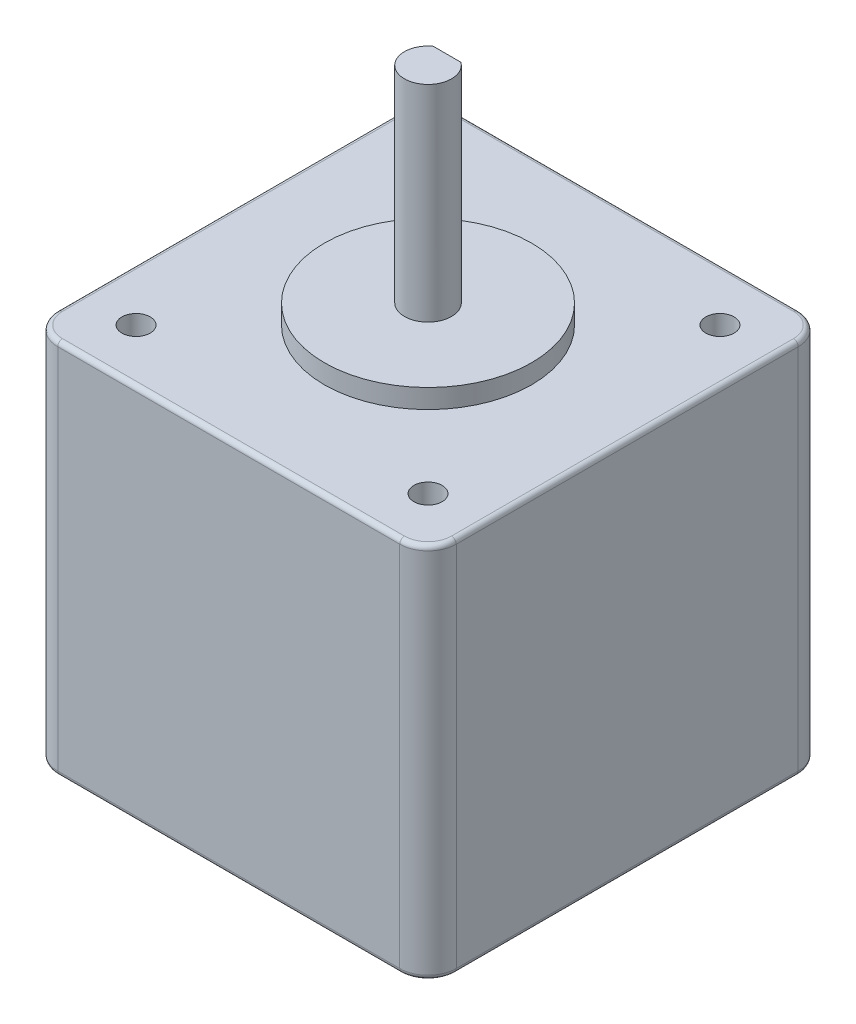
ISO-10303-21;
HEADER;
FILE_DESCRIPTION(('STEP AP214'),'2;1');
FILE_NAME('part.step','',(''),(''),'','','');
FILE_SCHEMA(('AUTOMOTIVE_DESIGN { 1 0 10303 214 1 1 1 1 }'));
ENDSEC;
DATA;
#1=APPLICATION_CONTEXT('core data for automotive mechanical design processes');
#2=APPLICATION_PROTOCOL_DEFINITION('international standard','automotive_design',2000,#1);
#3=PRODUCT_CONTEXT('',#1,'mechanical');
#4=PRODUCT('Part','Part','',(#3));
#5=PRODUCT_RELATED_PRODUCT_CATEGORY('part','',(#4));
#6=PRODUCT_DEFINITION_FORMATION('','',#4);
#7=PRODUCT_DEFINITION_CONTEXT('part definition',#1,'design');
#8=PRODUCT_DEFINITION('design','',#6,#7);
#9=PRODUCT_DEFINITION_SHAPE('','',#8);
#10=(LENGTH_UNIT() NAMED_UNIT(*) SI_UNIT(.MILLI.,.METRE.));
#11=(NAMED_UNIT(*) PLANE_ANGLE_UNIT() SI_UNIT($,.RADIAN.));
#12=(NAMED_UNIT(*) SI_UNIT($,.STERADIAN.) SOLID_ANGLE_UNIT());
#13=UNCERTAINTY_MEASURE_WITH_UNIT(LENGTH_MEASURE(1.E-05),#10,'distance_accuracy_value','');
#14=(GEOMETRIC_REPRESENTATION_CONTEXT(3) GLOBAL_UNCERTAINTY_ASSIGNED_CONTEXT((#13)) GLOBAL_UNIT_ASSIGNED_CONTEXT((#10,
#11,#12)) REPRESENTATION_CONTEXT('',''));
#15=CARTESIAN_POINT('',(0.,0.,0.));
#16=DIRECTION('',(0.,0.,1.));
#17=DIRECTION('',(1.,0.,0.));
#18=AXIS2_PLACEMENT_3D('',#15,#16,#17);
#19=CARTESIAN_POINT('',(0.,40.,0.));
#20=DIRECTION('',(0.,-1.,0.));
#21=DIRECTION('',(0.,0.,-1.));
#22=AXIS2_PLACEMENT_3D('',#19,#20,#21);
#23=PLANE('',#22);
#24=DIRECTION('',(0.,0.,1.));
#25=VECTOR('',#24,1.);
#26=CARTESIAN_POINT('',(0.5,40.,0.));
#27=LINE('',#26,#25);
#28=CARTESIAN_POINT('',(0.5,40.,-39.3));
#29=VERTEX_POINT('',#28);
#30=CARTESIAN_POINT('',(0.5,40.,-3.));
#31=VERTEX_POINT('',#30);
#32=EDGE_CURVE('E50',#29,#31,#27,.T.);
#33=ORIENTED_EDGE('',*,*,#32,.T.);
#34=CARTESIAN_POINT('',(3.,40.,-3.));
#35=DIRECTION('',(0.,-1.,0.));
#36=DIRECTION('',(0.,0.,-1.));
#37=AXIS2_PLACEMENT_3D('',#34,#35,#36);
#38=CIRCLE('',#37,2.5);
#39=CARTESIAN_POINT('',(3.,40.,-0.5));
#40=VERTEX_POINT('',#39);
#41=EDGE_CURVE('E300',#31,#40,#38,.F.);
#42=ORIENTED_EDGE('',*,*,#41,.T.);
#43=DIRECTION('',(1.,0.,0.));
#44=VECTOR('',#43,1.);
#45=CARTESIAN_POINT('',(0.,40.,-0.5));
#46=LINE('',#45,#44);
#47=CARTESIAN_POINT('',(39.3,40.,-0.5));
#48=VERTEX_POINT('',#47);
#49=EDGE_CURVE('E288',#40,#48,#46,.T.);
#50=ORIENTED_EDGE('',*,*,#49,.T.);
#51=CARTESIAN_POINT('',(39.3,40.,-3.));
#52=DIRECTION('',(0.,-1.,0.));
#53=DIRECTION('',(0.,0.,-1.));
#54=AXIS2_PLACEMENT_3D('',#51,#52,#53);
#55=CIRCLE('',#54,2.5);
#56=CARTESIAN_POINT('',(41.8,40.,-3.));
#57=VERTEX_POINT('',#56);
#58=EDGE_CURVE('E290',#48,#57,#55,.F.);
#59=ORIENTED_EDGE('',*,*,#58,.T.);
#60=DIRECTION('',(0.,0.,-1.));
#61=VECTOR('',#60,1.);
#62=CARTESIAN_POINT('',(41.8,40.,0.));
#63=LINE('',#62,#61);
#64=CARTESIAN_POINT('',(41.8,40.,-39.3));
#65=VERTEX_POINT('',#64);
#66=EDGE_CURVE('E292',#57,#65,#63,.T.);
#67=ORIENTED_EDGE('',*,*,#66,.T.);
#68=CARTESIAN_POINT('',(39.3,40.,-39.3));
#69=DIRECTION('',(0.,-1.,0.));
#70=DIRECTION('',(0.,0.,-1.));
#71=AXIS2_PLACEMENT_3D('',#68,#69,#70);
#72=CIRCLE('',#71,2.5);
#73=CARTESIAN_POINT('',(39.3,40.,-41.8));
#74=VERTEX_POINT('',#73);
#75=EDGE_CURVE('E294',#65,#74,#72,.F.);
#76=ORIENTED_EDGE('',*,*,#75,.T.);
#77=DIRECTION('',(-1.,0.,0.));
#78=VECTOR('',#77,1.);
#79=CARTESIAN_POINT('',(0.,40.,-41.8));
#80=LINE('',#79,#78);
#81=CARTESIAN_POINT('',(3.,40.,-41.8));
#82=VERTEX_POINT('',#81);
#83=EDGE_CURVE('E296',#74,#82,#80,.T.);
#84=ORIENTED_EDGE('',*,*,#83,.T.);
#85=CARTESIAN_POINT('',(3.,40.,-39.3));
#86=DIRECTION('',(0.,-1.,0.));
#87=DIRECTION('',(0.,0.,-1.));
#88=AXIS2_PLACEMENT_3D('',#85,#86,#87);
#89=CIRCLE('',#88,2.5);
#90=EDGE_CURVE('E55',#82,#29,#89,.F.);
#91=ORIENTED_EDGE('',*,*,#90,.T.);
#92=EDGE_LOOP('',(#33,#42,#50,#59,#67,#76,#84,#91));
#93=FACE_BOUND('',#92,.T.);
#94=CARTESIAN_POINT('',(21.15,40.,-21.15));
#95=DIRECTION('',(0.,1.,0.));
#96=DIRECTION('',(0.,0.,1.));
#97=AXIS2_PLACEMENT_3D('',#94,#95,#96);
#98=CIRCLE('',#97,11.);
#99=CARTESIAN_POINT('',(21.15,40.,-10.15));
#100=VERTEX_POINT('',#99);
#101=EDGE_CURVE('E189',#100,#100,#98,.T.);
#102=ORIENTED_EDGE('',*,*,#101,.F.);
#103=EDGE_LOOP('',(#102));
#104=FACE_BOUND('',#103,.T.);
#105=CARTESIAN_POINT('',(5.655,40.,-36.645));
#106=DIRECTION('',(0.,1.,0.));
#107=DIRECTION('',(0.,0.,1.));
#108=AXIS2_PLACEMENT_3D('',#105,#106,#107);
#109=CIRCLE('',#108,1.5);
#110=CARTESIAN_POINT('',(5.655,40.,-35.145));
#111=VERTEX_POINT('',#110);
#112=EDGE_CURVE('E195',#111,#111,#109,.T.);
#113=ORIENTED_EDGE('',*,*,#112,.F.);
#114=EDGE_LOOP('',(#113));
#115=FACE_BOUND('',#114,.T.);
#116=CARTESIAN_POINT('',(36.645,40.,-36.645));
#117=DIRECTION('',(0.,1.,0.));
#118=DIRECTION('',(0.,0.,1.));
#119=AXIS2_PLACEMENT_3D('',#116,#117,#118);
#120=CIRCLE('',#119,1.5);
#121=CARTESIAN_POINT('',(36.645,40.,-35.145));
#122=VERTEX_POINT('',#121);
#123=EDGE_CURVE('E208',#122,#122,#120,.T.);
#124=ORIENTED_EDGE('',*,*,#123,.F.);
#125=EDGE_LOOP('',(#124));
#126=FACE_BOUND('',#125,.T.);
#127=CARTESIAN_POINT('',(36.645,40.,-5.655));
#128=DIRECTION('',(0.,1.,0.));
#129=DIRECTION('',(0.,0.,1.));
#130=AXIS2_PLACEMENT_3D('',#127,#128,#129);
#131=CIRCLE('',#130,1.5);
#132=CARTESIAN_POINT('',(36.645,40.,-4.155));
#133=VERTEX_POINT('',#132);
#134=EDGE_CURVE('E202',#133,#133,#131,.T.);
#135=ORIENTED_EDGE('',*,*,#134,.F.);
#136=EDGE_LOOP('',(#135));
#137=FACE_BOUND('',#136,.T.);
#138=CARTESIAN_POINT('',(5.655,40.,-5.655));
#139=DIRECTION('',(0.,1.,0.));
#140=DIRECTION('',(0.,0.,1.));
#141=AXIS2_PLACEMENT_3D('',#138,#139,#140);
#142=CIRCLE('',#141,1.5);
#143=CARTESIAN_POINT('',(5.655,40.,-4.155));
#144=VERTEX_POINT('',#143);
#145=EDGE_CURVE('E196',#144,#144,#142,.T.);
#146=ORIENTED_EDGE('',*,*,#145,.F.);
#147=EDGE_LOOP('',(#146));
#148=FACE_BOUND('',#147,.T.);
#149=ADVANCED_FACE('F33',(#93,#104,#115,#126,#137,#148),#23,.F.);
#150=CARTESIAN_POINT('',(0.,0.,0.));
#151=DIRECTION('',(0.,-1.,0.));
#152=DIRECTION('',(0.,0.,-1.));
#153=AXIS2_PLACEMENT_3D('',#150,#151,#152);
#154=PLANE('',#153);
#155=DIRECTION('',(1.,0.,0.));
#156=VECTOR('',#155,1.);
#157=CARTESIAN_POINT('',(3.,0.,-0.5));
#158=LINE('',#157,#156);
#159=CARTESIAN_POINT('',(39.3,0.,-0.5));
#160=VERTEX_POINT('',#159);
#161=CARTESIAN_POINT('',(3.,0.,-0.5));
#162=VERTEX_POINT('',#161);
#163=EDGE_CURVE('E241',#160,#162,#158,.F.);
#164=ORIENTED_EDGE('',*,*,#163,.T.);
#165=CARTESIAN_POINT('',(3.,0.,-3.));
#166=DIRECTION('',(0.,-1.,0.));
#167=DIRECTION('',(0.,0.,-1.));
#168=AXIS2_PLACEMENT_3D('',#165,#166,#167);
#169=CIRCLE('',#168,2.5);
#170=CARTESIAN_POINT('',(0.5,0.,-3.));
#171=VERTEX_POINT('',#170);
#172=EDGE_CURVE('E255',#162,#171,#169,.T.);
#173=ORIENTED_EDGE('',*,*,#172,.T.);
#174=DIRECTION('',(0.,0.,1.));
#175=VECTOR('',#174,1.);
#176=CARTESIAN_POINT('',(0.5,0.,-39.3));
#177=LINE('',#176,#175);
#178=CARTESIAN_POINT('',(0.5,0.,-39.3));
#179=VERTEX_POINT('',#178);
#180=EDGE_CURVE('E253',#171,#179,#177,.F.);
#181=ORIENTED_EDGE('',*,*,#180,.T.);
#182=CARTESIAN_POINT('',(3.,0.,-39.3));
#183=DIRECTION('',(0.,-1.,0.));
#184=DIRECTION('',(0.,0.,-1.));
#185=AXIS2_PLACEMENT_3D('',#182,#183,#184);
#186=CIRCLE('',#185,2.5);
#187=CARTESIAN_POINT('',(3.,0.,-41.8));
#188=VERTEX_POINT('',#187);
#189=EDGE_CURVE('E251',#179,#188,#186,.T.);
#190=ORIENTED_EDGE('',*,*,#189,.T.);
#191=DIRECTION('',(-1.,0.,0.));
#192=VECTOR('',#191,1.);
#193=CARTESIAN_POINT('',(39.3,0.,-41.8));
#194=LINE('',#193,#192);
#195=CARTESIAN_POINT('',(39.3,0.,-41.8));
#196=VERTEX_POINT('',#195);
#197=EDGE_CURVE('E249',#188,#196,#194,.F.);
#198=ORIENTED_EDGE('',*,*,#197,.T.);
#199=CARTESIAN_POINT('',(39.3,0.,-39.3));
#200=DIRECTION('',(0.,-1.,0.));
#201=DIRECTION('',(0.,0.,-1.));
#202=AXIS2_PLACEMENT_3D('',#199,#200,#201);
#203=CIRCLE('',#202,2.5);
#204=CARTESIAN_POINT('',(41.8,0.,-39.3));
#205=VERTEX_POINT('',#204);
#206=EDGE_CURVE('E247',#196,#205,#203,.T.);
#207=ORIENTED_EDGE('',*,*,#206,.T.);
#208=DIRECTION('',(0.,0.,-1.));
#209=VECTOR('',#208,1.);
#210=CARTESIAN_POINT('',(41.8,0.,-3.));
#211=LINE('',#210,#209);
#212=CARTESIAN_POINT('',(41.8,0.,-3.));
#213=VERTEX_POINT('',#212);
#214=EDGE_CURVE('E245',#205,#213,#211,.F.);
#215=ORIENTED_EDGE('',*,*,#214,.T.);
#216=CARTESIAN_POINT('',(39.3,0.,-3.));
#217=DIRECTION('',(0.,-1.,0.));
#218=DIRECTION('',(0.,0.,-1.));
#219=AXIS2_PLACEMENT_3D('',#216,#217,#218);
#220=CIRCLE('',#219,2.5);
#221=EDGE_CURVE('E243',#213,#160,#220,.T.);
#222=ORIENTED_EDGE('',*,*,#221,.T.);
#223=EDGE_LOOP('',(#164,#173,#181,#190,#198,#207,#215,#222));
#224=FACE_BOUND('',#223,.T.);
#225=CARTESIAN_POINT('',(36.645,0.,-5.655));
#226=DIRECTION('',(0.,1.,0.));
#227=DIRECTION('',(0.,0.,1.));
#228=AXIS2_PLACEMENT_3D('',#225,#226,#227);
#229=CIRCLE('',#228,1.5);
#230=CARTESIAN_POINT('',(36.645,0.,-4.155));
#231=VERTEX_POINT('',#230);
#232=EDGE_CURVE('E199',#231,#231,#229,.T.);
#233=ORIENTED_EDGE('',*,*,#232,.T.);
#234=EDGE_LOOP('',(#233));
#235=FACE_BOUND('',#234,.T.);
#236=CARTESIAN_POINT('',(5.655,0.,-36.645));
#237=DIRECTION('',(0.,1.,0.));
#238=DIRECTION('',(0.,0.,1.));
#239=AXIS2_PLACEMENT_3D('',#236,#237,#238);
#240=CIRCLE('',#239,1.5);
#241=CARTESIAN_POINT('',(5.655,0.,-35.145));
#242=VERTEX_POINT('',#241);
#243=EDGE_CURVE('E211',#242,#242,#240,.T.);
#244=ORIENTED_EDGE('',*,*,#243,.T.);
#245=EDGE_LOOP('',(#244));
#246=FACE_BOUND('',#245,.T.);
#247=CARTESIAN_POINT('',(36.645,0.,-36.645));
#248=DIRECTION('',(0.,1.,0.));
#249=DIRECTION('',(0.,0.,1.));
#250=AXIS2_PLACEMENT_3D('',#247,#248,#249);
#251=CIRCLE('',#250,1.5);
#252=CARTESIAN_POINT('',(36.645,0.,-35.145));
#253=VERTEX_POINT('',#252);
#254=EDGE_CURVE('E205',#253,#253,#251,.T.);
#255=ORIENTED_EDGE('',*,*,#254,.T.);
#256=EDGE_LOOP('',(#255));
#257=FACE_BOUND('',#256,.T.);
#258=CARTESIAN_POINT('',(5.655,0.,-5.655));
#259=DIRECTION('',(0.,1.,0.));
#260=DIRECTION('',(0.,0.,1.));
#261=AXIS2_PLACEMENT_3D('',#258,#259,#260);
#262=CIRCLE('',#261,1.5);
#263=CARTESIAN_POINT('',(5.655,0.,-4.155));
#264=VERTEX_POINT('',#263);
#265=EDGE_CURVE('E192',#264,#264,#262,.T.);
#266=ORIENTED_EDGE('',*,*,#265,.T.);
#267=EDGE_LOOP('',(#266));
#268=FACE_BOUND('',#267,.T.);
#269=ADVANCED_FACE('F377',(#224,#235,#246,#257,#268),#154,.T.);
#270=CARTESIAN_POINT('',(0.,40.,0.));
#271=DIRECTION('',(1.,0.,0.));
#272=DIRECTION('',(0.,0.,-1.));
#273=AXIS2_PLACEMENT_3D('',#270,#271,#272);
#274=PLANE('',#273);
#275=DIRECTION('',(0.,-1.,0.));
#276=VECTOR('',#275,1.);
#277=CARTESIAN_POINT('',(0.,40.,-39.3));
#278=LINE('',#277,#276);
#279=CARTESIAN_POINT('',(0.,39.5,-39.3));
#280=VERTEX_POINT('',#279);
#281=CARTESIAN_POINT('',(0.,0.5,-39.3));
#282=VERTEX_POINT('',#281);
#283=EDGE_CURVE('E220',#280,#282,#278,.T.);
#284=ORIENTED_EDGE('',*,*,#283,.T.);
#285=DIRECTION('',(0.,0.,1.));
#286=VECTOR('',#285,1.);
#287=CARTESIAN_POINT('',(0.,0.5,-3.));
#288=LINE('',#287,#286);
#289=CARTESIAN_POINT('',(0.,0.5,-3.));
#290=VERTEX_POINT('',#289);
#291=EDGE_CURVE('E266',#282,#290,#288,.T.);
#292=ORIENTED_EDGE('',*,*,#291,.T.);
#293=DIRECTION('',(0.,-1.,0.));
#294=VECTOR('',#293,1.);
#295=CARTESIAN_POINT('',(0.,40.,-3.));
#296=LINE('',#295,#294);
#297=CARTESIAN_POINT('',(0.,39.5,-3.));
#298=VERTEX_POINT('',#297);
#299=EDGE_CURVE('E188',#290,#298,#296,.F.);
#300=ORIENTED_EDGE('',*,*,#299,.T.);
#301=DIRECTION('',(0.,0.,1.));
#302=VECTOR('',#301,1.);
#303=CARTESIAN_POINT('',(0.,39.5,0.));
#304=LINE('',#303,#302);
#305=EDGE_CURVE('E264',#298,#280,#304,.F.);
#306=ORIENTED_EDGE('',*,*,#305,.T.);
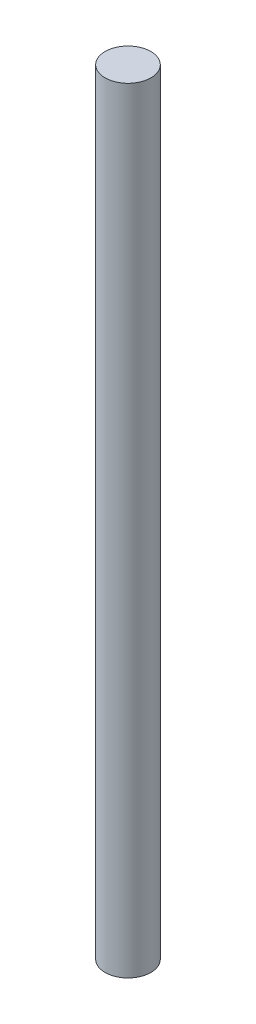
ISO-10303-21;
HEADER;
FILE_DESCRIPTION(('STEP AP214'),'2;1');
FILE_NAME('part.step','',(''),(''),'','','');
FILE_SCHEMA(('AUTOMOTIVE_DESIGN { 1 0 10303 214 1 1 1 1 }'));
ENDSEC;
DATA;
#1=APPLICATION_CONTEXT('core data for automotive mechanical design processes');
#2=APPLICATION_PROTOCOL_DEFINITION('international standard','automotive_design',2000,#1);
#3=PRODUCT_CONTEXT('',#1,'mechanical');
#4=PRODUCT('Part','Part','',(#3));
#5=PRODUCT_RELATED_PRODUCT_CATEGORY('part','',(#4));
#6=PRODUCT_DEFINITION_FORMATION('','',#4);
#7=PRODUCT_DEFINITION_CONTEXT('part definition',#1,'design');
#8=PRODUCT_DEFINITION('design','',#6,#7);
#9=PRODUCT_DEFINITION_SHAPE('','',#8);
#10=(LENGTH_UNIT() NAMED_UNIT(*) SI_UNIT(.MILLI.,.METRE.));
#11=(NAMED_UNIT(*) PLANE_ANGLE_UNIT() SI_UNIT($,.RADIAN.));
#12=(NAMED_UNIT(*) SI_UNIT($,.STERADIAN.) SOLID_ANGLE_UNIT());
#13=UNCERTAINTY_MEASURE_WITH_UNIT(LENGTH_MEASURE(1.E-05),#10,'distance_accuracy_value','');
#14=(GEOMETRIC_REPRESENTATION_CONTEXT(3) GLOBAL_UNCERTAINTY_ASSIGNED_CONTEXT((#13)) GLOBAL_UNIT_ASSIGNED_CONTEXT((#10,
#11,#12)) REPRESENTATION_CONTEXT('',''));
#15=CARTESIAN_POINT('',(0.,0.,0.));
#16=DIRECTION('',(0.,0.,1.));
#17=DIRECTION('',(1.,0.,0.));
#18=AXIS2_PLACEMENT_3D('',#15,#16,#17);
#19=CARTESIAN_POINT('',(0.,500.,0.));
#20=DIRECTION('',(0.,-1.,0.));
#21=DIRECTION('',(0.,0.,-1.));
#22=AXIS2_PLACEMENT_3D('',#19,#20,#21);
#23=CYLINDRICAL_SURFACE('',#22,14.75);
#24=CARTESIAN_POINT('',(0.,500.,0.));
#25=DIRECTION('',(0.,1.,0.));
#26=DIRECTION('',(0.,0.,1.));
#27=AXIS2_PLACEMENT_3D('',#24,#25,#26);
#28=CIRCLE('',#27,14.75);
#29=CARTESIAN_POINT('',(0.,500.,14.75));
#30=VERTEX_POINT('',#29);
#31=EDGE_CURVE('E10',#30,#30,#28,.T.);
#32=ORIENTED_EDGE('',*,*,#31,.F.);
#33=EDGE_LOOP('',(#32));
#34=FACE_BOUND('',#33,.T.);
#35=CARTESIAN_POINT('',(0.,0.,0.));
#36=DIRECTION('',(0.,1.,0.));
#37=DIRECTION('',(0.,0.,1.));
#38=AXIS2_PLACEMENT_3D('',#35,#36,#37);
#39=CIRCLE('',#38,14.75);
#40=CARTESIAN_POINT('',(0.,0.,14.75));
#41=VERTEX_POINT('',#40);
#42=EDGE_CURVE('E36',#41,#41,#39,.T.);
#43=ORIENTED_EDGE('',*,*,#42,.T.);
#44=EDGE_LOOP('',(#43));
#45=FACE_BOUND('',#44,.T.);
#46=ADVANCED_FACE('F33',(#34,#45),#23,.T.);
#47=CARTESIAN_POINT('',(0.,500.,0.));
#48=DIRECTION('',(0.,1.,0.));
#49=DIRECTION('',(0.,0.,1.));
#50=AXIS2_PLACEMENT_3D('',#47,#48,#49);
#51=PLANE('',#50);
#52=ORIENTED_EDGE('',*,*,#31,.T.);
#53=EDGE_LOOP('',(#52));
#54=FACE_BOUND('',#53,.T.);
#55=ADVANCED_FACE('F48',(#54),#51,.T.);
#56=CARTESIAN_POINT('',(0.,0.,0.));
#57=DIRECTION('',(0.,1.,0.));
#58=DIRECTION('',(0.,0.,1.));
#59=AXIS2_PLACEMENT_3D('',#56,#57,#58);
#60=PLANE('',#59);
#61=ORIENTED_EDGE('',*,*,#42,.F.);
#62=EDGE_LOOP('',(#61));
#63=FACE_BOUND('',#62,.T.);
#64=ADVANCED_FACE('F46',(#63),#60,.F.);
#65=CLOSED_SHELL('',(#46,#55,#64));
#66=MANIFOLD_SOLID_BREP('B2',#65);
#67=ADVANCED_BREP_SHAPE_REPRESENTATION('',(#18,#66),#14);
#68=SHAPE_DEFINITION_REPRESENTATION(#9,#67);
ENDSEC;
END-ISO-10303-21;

========

- DIRECTIONS FOR THIS TASK
Begin at the line that has "#226=DIRECTION('',(0.,1.,0.));" in the entries above; stop after the line that has "#249=DIRECTION('',(0.,0.,1.));". Transcribe exactly those lines and no others.

- YOUR SOLUTION
#226=DIRECTION('',(0.,1.,0.));
#227=DIRECTION('',(0.,0.,1.));
#228=AXIS2_PLACEMENT_3D('',#225,#226,#227);
#229=CIRCLE('',#228,1.5);
#230=CARTESIAN_POINT('',(36.645,0.,-4.155));
#231=VERTEX_POINT('',#230);
#232=EDGE_CURVE('E199',#231,#231,#229,.T.);
#233=ORIENTED_EDGE('',*,*,#232,.T.);
#234=EDGE_LOOP('',(#233));
#235=FACE_BOUND('',#234,.T.);
#236=CARTESIAN_POINT('',(5.655,0.,-36.645));
#237=DIRECTION('',(0.,1.,0.));
#238=DIRECTION('',(0.,0.,1.));
#239=AXIS2_PLACEMENT_3D('',#236,#237,#238);
#240=CIRCLE('',#239,1.5);
#241=CARTESIAN_POINT('',(5.655,0.,-35.145));
#242=VERTEX_POINT('',#241);
#243=EDGE_CURVE('E211',#242,#242,#240,.T.);
#244=ORIENTED_EDGE('',*,*,#243,.T.);
#245=EDGE_LOOP('',(#244));
#246=FACE_BOUND('',#245,.T.);
#247=CARTESIAN_POINT('',(36.645,0.,-36.645));
#248=DIRECTION('',(0.,1.,0.));
#249=DIRECTION('',(0.,0.,1.));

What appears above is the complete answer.